(Dataset items)
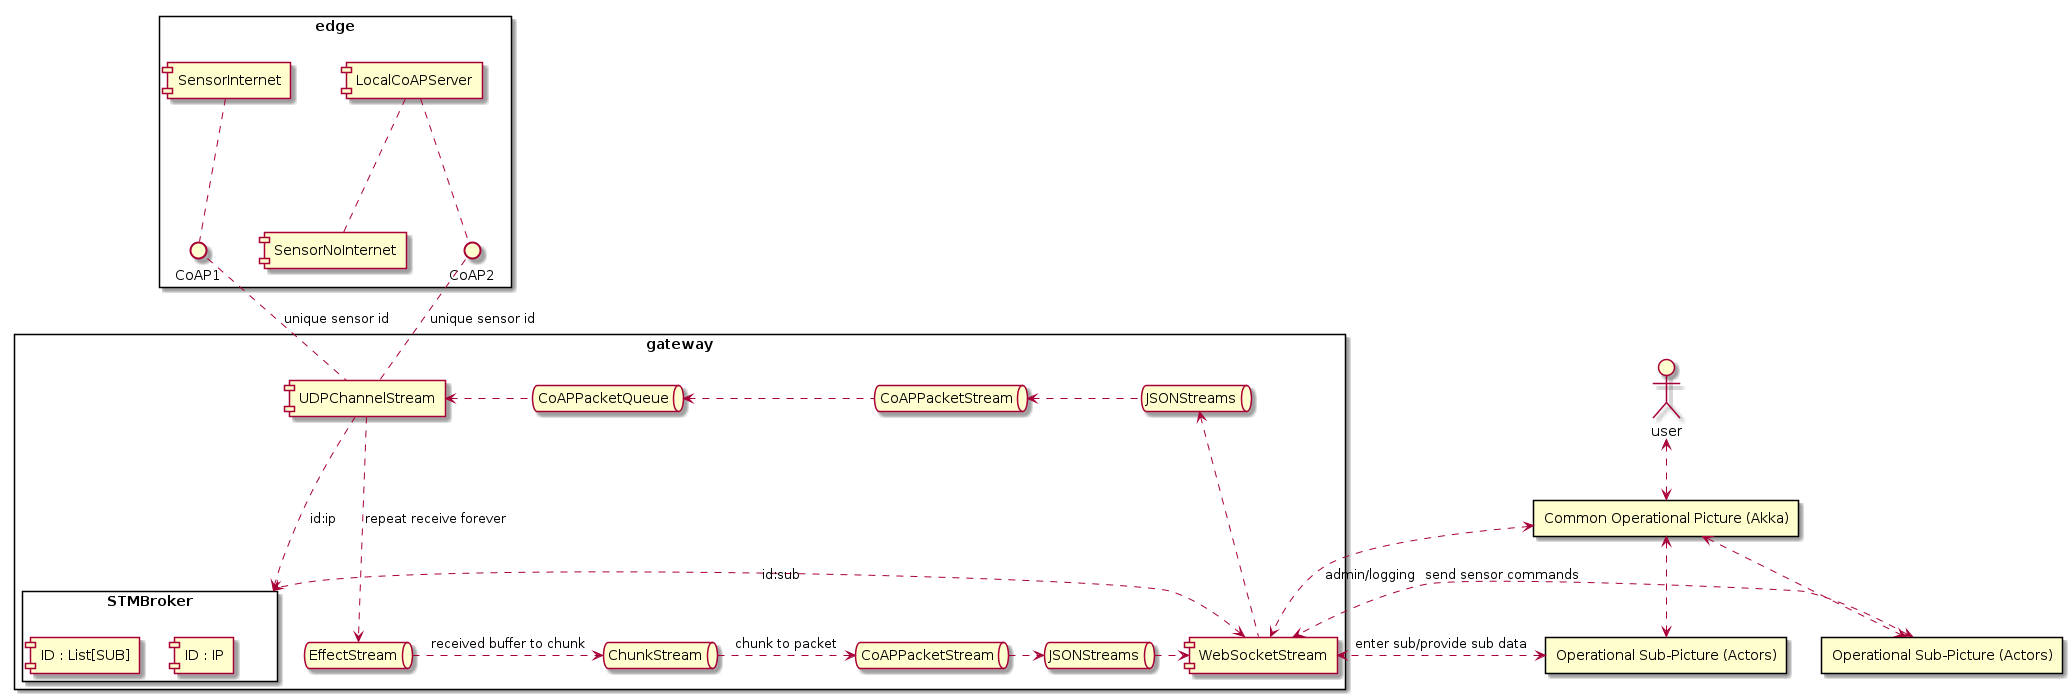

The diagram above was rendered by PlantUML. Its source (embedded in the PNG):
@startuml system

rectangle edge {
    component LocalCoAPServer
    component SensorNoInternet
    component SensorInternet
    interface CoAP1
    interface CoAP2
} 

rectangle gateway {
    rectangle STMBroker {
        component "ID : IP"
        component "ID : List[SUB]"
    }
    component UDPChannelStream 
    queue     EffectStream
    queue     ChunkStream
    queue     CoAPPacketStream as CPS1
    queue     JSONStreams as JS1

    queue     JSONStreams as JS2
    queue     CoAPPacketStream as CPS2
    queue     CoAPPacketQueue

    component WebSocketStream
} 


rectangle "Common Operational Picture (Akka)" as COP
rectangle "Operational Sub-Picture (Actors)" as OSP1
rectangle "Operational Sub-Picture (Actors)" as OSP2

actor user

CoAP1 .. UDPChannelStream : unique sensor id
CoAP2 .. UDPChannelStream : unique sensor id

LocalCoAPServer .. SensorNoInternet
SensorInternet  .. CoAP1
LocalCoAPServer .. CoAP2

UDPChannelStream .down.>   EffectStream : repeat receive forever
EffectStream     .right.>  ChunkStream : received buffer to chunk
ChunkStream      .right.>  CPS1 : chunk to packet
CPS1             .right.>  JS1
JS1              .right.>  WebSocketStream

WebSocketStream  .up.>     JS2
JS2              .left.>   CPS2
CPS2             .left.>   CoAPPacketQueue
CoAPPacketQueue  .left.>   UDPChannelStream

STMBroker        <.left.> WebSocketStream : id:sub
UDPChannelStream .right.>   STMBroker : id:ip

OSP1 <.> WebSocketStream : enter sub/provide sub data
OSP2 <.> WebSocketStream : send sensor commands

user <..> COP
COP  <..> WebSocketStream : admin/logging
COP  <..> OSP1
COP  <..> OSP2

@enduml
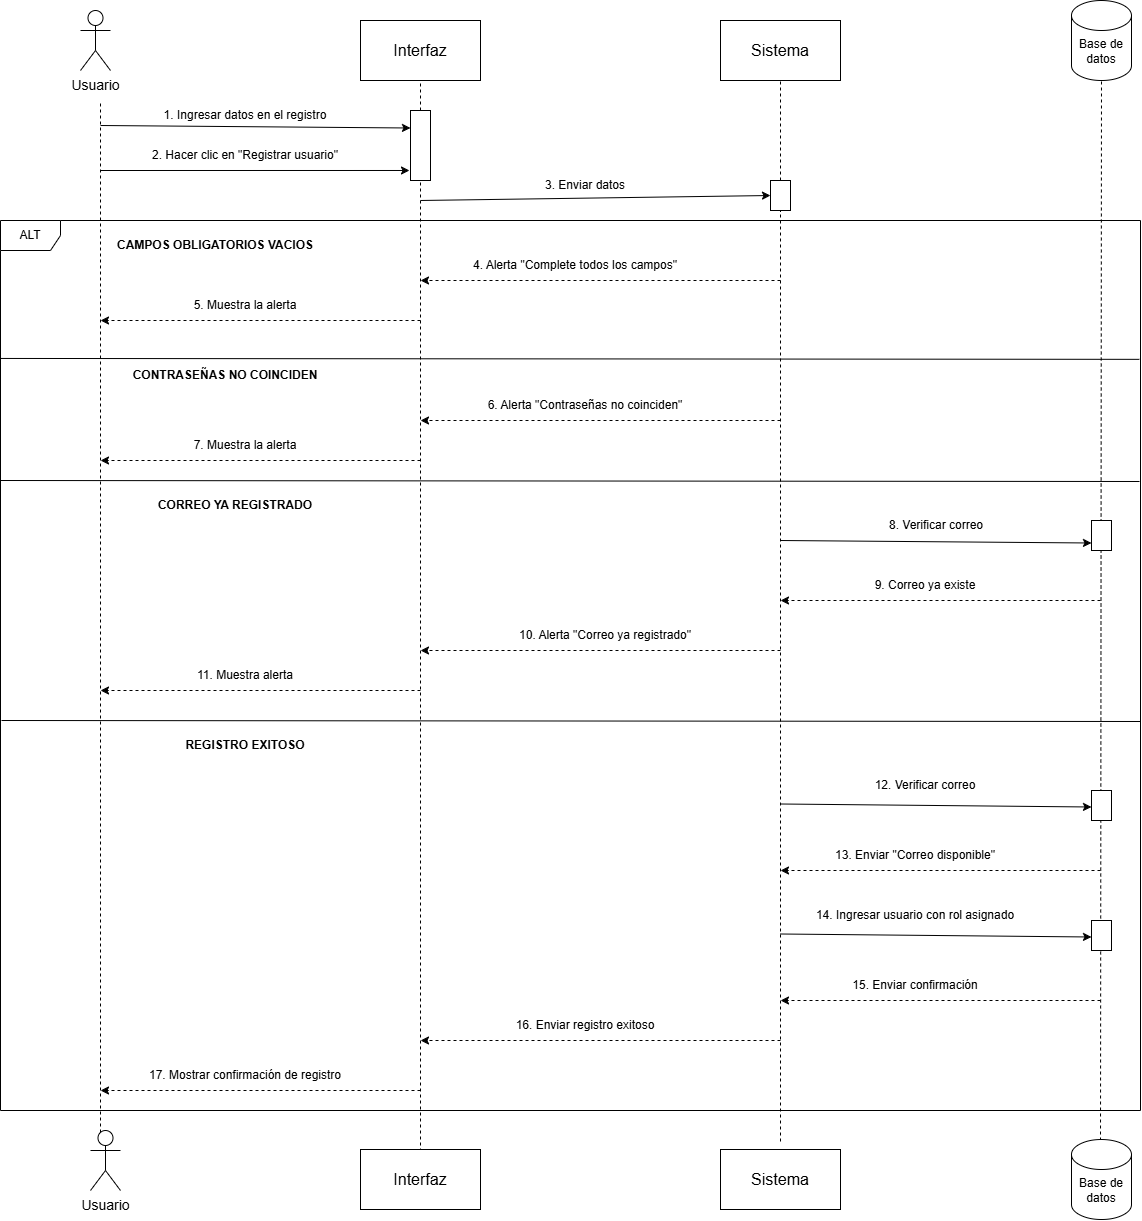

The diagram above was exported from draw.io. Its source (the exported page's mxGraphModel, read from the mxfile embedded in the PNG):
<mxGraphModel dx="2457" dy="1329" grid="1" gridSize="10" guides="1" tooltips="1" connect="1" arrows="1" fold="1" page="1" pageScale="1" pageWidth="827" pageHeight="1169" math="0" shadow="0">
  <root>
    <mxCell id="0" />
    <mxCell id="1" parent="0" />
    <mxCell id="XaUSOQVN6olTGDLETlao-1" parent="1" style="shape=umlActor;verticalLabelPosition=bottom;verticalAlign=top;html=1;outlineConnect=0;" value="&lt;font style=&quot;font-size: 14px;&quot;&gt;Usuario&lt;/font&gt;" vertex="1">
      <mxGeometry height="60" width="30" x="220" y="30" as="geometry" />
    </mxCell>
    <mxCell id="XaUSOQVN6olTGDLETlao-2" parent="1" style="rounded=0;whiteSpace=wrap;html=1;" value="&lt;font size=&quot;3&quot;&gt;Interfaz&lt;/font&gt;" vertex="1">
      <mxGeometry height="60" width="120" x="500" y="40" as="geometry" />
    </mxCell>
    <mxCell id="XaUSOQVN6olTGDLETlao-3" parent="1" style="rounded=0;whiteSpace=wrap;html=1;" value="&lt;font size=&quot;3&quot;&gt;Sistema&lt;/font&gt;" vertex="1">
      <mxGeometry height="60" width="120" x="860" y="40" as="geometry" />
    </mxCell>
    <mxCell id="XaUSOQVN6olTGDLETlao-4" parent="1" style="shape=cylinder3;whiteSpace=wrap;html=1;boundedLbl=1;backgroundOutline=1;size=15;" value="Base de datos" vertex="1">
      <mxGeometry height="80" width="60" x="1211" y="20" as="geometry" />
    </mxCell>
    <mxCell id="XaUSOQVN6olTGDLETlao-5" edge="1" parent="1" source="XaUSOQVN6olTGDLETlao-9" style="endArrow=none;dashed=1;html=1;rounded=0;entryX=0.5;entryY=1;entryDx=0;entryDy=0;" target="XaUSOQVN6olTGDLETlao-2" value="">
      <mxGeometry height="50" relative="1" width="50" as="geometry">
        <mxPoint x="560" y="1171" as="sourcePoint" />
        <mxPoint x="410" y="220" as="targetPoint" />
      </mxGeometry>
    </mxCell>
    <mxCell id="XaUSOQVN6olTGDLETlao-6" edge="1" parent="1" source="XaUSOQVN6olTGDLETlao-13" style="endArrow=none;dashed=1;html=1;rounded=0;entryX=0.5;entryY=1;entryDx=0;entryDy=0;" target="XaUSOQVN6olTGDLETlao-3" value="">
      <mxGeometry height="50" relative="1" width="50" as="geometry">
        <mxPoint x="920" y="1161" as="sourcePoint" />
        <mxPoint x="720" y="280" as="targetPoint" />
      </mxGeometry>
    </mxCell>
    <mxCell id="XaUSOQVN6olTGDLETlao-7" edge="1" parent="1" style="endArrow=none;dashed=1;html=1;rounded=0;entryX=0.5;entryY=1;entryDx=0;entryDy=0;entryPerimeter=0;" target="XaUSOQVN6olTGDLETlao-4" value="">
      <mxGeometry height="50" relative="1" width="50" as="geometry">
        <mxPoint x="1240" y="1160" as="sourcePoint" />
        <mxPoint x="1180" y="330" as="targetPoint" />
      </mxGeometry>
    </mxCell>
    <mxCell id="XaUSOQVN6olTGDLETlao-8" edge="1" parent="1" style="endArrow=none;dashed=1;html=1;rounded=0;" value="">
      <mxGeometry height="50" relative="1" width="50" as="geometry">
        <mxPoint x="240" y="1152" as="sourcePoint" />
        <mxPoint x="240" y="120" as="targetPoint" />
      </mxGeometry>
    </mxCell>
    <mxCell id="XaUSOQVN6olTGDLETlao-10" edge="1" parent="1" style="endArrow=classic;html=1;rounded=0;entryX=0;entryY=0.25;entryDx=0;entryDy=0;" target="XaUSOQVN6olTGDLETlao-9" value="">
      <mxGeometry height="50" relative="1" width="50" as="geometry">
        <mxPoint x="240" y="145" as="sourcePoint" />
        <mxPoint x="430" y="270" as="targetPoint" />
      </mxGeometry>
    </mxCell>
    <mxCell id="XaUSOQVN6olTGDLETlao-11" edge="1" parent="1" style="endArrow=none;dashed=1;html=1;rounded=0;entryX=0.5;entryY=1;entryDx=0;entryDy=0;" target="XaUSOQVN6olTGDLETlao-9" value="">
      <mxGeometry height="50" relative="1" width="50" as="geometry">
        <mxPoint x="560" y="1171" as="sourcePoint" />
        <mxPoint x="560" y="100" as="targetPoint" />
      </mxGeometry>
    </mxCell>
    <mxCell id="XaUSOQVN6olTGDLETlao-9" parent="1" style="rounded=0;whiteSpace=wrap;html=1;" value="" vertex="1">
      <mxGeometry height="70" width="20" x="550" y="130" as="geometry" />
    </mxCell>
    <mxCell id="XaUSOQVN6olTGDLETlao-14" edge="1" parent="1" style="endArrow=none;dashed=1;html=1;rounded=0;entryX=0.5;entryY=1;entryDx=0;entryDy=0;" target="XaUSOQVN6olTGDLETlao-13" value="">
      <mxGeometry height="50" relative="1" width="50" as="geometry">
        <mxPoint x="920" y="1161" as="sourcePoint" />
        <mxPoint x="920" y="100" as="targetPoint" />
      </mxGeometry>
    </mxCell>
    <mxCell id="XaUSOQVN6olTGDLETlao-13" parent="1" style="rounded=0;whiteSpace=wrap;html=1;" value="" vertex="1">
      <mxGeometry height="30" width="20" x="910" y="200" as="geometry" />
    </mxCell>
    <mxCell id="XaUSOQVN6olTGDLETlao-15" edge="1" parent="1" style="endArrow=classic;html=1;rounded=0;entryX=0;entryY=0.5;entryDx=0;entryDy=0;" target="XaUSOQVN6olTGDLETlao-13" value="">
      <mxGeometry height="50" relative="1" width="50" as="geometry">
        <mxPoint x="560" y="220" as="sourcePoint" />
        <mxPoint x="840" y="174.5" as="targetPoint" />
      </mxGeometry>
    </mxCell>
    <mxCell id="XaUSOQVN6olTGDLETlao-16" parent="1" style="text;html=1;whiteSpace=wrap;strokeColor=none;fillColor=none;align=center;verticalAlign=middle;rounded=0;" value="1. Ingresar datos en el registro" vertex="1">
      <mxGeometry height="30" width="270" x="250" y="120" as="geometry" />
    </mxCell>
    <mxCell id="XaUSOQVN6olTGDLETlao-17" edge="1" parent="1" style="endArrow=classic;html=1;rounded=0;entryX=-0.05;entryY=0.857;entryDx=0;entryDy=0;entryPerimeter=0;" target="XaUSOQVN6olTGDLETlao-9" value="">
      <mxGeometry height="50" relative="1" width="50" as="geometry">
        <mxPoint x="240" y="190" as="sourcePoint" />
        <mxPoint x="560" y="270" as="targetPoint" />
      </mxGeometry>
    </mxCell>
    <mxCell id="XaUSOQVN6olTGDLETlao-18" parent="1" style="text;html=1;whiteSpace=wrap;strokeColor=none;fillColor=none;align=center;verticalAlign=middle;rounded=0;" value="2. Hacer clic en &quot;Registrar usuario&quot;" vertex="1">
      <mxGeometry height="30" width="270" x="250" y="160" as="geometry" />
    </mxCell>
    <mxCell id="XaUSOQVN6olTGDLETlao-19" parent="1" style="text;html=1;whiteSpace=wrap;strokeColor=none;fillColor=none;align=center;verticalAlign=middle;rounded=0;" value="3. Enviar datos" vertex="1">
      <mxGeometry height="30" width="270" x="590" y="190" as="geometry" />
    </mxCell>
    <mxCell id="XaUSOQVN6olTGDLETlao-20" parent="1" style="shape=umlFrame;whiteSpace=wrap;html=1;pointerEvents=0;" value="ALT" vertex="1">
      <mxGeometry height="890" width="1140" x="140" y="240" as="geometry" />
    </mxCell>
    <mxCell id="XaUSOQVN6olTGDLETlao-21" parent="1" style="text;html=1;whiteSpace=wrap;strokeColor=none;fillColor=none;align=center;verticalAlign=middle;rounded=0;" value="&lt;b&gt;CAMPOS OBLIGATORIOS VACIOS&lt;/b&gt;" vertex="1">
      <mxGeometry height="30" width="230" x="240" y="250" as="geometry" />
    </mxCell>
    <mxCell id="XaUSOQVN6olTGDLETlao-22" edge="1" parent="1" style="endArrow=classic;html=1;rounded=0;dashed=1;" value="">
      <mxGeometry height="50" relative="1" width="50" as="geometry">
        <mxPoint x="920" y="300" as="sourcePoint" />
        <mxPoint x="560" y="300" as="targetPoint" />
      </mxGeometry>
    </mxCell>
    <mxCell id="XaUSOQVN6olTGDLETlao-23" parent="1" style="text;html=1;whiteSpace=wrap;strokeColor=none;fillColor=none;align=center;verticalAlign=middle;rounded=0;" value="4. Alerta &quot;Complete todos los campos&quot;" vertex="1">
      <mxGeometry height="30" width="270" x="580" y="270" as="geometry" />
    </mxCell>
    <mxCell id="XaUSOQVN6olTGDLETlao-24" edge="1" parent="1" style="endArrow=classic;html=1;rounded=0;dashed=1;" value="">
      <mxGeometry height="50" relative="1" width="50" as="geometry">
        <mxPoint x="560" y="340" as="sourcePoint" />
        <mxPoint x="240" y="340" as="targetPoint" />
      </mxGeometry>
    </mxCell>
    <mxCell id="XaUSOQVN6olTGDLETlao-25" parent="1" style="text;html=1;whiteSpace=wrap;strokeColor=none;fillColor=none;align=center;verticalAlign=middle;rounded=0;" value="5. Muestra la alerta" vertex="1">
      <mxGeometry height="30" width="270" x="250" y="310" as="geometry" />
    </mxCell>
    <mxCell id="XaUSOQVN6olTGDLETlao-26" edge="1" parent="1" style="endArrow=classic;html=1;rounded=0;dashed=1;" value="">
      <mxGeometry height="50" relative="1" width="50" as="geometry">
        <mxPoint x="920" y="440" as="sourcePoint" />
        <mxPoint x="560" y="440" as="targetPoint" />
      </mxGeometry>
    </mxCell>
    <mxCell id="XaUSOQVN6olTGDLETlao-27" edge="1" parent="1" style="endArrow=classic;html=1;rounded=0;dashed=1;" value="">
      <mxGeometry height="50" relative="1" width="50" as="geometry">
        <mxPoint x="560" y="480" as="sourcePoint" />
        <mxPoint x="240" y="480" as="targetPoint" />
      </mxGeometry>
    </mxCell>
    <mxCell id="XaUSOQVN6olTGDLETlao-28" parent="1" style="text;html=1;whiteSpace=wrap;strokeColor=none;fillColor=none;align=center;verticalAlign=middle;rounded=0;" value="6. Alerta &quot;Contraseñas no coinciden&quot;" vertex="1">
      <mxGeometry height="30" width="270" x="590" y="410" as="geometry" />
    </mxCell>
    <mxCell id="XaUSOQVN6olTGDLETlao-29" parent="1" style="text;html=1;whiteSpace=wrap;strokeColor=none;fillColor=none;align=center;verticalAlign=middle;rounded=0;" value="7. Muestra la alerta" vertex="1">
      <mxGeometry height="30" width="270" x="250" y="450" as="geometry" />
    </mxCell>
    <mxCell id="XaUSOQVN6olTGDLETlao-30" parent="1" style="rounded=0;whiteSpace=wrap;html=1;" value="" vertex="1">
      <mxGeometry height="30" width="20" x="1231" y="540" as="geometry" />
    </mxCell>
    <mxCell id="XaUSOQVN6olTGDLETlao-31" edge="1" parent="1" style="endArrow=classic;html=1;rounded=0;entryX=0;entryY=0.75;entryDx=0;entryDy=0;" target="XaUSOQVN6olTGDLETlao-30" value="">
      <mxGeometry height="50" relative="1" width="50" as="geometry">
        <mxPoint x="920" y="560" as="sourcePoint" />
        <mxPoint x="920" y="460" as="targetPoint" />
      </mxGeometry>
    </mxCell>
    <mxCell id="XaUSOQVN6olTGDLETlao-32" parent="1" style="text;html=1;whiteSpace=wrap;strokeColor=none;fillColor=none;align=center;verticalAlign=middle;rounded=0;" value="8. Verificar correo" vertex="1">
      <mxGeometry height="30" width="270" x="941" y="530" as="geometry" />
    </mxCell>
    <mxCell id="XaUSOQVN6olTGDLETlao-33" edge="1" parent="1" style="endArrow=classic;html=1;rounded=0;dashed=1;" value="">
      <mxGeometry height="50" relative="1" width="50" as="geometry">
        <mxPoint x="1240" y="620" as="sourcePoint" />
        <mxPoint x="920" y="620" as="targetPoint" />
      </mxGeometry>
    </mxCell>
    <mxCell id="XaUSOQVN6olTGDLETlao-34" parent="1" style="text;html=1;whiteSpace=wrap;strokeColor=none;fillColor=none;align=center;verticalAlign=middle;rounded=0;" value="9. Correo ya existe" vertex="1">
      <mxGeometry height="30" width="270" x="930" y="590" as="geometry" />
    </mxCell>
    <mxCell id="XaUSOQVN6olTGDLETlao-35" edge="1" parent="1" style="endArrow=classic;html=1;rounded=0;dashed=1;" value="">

• _PROBLEM TO SOLVE_: Show the lines from the data above that contain the string "quot".

• _EXERCISE OUTPUT_:
    <mxCell id="XaUSOQVN6olTGDLETlao-1" parent="1" style="shape=umlActor;verticalLabelPosition=bottom;verticalAlign=top;html=1;outlineConnect=0;" value="&lt;font style=&quot;font-size: 14px;&quot;&gt;Usuario&lt;/font&gt;" vertex="1">
    <mxCell id="XaUSOQVN6olTGDLETlao-2" parent="1" style="rounded=0;whiteSpace=wrap;html=1;" value="&lt;font size=&quot;3&quot;&gt;Interfaz&lt;/font&gt;" vertex="1">
    <mxCell id="XaUSOQVN6olTGDLETlao-3" parent="1" style="rounded=0;whiteSpace=wrap;html=1;" value="&lt;font size=&quot;3&quot;&gt;Sistema&lt;/font&gt;" vertex="1">
    <mxCell id="XaUSOQVN6olTGDLETlao-18" parent="1" style="text;html=1;whiteSpace=wrap;strokeColor=none;fillColor=none;align=center;verticalAlign=middle;rounded=0;" value="2. Hacer clic en &quot;Registrar usuario&quot;" vertex="1">
    <mxCell id="XaUSOQVN6olTGDLETlao-23" parent="1" style="text;html=1;whiteSpace=wrap;strokeColor=none;fillColor=none;align=center;verticalAlign=middle;rounded=0;" value="4. Alerta &quot;Complete todos los campos&quot;" vertex="1">
    <mxCell id="XaUSOQVN6olTGDLETlao-28" parent="1" style="text;html=1;whiteSpace=wrap;strokeColor=none;fillColor=none;align=center;verticalAlign=middle;rounded=0;" value="6. Alerta &quot;Contraseñas no coinciden&quot;" vertex="1">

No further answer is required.